Return, from the material below, each line in which "point" occurs.

****************

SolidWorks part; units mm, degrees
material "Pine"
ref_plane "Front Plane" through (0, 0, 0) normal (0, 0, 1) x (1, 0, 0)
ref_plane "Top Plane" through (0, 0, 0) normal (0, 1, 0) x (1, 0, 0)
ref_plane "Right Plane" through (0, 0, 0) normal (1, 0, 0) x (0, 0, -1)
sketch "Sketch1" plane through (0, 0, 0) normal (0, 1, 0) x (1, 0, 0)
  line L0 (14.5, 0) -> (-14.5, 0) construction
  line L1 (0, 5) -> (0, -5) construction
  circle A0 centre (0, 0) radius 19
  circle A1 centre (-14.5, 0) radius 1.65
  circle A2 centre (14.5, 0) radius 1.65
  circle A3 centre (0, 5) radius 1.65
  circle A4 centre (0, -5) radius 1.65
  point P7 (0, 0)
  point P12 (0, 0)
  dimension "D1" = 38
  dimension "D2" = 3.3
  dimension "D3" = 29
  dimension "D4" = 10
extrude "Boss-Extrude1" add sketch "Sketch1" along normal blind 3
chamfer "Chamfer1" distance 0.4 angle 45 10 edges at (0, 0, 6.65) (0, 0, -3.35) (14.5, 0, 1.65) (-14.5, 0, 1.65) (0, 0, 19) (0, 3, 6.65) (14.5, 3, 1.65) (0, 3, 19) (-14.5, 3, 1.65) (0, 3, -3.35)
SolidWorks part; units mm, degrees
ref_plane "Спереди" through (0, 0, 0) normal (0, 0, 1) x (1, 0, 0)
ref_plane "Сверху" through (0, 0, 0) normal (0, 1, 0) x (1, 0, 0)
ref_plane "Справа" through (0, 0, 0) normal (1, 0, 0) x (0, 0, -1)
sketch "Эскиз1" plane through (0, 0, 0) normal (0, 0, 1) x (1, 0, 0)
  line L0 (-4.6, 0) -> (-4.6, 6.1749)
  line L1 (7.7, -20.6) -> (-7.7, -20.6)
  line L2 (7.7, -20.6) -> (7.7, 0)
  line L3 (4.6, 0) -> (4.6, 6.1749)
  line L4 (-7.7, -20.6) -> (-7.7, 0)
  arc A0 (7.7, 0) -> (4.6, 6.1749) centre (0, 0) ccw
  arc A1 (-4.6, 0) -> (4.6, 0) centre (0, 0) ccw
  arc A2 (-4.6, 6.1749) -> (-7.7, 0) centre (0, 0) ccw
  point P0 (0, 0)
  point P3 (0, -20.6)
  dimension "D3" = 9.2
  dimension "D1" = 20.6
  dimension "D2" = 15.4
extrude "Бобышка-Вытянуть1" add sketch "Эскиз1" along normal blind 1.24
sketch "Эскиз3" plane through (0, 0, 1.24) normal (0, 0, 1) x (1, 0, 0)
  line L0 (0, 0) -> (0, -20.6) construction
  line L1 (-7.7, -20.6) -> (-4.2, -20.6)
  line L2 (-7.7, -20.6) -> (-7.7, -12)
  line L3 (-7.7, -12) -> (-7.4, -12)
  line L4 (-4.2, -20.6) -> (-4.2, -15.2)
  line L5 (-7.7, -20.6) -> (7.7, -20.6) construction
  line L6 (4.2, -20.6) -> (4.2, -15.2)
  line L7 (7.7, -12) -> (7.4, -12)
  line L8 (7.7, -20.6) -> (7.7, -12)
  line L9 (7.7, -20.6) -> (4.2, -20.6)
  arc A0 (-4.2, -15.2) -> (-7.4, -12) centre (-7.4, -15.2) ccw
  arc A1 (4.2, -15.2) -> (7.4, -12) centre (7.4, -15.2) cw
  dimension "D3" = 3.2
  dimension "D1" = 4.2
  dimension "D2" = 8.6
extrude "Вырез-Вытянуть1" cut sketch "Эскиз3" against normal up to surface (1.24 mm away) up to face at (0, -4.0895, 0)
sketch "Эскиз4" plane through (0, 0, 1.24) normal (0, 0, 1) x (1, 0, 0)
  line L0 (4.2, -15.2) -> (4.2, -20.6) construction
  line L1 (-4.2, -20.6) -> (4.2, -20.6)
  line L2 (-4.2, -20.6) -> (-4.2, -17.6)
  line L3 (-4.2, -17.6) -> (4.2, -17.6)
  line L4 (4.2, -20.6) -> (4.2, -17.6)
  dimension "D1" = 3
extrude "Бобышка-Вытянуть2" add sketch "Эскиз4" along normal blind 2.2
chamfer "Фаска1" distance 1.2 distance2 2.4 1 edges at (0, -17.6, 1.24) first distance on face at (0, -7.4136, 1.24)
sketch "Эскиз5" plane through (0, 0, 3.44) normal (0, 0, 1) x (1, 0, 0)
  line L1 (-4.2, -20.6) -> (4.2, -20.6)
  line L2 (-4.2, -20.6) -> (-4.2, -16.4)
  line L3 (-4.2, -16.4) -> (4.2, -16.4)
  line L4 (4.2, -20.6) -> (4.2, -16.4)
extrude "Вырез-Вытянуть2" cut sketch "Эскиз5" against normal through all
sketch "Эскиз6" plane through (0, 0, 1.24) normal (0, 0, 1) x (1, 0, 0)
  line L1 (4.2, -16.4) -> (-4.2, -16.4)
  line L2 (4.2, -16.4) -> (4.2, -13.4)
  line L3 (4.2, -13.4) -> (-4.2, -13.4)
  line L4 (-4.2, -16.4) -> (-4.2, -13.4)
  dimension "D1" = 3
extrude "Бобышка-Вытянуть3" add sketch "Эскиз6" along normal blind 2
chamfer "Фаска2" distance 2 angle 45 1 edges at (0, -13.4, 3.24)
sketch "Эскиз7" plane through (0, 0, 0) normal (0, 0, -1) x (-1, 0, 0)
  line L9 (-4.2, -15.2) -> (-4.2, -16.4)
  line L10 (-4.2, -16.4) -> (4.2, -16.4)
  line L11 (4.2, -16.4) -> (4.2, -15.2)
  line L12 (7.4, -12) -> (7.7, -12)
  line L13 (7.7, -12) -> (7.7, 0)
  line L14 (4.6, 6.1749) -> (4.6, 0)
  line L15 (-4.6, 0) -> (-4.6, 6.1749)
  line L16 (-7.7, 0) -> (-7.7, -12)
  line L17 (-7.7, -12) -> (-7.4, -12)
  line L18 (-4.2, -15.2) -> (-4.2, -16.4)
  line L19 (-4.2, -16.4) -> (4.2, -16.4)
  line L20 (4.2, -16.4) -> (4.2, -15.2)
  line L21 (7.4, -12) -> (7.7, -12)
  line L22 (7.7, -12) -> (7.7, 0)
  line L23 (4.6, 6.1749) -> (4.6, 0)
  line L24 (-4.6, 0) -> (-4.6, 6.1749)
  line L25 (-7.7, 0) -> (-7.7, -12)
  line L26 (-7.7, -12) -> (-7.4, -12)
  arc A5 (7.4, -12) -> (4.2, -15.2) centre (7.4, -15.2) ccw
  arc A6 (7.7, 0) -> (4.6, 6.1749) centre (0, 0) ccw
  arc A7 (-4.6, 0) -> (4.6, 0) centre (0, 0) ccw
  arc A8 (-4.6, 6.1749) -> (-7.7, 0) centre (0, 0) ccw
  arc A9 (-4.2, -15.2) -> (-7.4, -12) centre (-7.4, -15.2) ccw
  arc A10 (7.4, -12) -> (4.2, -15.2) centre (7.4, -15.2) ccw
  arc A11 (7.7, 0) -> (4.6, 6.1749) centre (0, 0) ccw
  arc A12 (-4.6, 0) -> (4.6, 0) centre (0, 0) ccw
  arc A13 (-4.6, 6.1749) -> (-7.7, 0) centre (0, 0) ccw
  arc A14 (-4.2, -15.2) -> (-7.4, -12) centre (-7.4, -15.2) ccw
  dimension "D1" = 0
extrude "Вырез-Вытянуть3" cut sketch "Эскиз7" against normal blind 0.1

****************

TASK RESPONSE >>
  point P7 (0, 0)
  point P12 (0, 0)
  point P0 (0, 0)
  point P3 (0, -20.6)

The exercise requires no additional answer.